[Record set Boundary: Start]

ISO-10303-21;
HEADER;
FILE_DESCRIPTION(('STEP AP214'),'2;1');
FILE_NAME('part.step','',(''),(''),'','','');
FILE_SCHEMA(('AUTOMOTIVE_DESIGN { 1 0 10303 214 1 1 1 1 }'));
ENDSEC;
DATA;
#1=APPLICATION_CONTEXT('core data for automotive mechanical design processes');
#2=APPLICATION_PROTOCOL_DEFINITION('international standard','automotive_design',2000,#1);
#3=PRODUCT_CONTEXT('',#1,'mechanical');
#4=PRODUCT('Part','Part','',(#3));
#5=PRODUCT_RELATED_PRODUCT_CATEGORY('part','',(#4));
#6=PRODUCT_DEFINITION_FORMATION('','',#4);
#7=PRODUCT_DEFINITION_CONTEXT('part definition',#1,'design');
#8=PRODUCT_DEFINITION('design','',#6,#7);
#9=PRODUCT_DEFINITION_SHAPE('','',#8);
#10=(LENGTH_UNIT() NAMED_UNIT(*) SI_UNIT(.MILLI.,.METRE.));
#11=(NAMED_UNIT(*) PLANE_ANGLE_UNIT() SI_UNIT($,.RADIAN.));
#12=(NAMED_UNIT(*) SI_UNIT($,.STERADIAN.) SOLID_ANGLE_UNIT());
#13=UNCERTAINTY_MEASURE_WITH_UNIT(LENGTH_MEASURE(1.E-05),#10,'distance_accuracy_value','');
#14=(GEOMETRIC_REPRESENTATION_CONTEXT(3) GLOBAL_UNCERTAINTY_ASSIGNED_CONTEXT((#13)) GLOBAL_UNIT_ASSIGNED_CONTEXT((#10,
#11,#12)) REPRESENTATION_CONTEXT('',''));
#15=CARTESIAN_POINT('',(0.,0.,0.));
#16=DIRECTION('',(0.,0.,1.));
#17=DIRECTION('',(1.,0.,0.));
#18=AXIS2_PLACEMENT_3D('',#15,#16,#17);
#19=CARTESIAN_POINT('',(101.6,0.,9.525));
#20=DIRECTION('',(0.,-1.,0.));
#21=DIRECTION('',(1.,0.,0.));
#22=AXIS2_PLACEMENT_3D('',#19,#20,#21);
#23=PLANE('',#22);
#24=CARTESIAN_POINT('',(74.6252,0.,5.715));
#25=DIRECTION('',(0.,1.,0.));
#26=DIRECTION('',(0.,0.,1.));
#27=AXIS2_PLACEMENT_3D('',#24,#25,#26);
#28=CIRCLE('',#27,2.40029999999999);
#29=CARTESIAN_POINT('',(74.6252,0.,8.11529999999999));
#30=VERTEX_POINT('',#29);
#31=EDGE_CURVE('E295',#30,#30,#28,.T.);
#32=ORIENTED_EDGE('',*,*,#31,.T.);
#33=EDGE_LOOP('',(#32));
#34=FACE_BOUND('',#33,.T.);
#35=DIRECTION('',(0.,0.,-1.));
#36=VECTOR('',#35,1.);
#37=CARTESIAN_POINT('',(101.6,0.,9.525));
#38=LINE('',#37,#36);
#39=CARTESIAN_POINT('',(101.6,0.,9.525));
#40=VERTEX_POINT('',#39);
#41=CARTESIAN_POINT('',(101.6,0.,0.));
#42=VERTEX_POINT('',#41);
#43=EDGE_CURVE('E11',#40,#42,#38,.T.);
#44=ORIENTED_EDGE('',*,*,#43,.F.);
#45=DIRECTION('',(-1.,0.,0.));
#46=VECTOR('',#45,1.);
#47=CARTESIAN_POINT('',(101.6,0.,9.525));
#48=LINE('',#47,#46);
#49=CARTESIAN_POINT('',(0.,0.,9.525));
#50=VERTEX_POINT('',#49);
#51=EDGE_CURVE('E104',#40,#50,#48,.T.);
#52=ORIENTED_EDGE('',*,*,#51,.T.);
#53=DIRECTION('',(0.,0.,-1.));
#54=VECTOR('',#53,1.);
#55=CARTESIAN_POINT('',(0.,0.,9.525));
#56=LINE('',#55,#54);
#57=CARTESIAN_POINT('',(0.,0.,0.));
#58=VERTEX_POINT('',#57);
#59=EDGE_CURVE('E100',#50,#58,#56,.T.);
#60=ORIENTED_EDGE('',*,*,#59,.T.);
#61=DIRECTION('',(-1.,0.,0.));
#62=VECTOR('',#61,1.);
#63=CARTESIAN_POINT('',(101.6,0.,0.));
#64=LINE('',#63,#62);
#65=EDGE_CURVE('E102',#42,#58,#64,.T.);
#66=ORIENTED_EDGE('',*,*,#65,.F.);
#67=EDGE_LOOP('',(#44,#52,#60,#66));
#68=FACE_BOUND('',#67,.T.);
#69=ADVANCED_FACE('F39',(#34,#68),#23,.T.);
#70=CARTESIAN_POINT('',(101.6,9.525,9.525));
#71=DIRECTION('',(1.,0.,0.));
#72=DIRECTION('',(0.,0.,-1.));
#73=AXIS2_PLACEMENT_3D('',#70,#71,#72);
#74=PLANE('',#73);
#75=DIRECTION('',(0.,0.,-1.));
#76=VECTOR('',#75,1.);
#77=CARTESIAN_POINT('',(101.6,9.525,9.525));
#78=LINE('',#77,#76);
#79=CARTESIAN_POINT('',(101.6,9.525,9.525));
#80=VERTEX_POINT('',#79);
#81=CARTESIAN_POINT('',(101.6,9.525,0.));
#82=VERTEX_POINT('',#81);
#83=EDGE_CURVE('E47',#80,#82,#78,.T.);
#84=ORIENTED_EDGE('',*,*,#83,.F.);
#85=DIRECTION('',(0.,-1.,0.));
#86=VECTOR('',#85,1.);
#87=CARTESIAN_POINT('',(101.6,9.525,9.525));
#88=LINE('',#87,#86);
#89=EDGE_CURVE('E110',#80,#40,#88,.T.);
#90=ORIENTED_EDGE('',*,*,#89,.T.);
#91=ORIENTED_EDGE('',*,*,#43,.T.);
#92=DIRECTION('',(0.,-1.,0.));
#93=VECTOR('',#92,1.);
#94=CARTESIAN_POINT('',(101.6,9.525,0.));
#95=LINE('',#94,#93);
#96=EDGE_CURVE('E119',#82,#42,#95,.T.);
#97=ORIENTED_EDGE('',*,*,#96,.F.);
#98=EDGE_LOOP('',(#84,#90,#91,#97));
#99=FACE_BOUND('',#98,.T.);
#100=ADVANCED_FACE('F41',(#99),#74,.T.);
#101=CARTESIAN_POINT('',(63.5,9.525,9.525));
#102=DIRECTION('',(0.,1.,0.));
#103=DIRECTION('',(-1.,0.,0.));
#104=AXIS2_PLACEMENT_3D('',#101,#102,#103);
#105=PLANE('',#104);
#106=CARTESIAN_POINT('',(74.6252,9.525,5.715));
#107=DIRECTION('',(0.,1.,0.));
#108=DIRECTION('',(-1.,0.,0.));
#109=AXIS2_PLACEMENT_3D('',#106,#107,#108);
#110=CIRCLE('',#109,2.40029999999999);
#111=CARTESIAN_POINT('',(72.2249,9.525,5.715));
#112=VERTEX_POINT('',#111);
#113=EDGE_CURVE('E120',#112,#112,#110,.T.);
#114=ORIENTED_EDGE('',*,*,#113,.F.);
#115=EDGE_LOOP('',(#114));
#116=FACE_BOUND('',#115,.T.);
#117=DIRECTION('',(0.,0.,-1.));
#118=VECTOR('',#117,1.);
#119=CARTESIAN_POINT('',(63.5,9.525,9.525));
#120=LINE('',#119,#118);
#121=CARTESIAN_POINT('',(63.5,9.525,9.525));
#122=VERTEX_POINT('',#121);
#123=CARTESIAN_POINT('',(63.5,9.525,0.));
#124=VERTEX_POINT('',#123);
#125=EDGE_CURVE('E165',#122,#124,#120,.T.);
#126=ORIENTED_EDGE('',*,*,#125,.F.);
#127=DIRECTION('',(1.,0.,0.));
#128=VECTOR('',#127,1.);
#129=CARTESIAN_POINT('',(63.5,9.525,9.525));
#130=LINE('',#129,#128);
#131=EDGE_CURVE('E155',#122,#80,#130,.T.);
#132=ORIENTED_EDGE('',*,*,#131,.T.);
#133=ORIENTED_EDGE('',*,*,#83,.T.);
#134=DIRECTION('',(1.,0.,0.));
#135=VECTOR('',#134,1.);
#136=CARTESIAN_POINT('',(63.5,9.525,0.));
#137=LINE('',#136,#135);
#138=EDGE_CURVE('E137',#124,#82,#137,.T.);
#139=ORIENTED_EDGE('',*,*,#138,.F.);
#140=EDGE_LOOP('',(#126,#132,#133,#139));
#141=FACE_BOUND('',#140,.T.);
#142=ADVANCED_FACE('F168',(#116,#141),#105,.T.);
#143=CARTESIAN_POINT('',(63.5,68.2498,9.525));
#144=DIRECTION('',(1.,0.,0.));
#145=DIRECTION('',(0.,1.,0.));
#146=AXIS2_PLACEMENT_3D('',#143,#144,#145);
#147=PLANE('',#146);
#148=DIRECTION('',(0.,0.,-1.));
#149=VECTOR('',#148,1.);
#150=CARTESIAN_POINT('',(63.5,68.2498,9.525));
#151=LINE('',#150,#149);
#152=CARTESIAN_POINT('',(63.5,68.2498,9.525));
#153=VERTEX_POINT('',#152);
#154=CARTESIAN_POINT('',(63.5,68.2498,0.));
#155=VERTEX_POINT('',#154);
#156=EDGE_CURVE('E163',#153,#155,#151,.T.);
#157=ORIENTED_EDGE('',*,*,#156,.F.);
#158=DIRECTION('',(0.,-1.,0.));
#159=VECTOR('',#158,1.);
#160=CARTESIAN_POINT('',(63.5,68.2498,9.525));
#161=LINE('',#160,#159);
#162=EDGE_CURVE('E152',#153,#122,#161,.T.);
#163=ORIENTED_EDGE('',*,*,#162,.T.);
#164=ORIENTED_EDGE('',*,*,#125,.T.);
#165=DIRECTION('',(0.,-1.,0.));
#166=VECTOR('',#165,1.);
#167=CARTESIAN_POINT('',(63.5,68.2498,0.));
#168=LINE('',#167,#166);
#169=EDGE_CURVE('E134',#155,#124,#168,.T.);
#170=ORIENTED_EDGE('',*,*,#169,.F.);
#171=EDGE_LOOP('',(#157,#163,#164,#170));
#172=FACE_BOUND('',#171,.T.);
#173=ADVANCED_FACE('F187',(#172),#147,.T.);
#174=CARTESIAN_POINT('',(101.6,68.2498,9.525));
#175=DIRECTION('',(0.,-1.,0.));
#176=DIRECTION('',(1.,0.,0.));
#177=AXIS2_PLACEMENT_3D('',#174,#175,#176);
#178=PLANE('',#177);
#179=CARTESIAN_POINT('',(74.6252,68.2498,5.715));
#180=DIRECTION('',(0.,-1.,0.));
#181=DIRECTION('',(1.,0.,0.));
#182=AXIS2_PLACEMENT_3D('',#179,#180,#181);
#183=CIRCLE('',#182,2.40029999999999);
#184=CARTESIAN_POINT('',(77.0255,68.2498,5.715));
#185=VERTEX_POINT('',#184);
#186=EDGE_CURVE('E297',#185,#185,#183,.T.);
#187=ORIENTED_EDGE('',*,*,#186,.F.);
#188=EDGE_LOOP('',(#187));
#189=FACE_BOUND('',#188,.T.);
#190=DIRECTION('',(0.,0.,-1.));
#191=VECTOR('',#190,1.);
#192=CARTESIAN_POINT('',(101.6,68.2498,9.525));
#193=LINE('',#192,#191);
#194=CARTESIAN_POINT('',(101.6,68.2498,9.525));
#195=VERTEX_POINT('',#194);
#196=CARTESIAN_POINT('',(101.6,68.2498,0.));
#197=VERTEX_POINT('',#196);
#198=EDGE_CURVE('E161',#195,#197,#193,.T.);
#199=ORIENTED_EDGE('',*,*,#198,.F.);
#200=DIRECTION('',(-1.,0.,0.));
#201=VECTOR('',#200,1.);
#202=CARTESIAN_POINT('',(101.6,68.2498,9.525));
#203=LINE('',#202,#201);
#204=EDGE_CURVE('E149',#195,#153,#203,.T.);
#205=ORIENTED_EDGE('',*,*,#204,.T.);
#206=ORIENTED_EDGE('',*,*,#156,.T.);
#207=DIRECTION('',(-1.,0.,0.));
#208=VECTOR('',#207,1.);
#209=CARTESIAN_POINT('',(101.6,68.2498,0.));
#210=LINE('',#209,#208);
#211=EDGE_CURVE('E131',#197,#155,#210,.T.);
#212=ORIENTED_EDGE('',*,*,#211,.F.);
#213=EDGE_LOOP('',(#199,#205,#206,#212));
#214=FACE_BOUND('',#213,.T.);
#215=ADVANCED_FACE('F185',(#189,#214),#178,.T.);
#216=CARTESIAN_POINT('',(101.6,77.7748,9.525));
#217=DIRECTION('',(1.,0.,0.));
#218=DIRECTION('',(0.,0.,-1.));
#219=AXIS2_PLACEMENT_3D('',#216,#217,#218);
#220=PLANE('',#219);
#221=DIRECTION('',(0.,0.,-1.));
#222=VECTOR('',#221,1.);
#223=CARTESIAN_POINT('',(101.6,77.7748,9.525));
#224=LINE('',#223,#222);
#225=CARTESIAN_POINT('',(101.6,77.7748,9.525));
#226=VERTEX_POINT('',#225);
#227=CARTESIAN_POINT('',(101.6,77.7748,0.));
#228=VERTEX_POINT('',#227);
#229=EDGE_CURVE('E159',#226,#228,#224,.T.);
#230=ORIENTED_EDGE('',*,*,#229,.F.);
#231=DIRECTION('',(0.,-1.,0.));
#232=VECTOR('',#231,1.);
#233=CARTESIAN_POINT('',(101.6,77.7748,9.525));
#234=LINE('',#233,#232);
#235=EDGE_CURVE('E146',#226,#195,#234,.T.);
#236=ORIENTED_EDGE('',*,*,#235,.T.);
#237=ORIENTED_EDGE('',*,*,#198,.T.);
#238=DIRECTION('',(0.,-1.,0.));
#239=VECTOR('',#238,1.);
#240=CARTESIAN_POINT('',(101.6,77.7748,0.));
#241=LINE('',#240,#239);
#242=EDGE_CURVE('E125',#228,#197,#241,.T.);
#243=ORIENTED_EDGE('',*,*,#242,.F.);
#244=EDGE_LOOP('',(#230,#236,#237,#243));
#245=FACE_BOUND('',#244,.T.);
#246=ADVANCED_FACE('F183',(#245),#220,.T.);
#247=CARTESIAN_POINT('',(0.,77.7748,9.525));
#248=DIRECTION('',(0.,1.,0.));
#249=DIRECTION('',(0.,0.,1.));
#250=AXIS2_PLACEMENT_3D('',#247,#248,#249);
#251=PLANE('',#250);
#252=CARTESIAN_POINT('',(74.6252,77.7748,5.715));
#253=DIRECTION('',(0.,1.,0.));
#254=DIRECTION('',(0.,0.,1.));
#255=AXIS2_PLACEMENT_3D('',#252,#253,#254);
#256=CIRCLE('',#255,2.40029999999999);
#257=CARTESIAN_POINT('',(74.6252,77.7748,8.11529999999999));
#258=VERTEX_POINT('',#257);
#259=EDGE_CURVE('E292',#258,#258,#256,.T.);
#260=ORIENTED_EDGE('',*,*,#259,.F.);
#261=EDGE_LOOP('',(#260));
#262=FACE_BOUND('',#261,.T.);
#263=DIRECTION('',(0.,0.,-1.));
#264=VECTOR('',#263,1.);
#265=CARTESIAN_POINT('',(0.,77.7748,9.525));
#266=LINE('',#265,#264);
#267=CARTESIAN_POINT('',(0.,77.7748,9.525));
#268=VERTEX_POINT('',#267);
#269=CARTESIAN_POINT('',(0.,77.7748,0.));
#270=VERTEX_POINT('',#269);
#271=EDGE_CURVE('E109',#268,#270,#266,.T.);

[Record set Boundary: End]

◆ Task objective: In the entries above, the lines between the one holding "#176=DIRECTION('',(1.,0.,0.));" and the one holding "#215=ADVANCED_FACE('F185',(#189,#214),#178,.T.);", inclusive, are to be printed exactly as written, and those alone.

◆ Task response:
#176=DIRECTION('',(1.,0.,0.));
#177=AXIS2_PLACEMENT_3D('',#174,#175,#176);
#178=PLANE('',#177);
#179=CARTESIAN_POINT('',(74.6252,68.2498,5.715));
#180=DIRECTION('',(0.,-1.,0.));
#181=DIRECTION('',(1.,0.,0.));
#182=AXIS2_PLACEMENT_3D('',#179,#180,#181);
#183=CIRCLE('',#182,2.40029999999999);
#184=CARTESIAN_POINT('',(77.0255,68.2498,5.715));
#185=VERTEX_POINT('',#184);
#186=EDGE_CURVE('E297',#185,#185,#183,.T.);
#187=ORIENTED_EDGE('',*,*,#186,.F.);
#188=EDGE_LOOP('',(#187));
#189=FACE_BOUND('',#188,.T.);
#190=DIRECTION('',(0.,0.,-1.));
#191=VECTOR('',#190,1.);
#192=CARTESIAN_POINT('',(101.6,68.2498,9.525));
#193=LINE('',#192,#191);
#194=CARTESIAN_POINT('',(101.6,68.2498,9.525));
#195=VERTEX_POINT('',#194);
#196=CARTESIAN_POINT('',(101.6,68.2498,0.));
#197=VERTEX_POINT('',#196);
#198=EDGE_CURVE('E161',#195,#197,#193,.T.);
#199=ORIENTED_EDGE('',*,*,#198,.F.);
#200=DIRECTION('',(-1.,0.,0.));
#201=VECTOR('',#200,1.);
#202=CARTESIAN_POINT('',(101.6,68.2498,9.525));
#203=LINE('',#202,#201);
#204=EDGE_CURVE('E149',#195,#153,#203,.T.);
#205=ORIENTED_EDGE('',*,*,#204,.T.);
#206=ORIENTED_EDGE('',*,*,#156,.T.);
#207=DIRECTION('',(-1.,0.,0.));
#208=VECTOR('',#207,1.);
#209=CARTESIAN_POINT('',(101.6,68.2498,0.));
#210=LINE('',#209,#208);
#211=EDGE_CURVE('E131',#197,#155,#210,.T.);
#212=ORIENTED_EDGE('',*,*,#211,.F.);
#213=EDGE_LOOP('',(#199,#205,#206,#212));
#214=FACE_BOUND('',#213,.T.);
#215=ADVANCED_FACE('F185',(#189,#214),#178,.T.);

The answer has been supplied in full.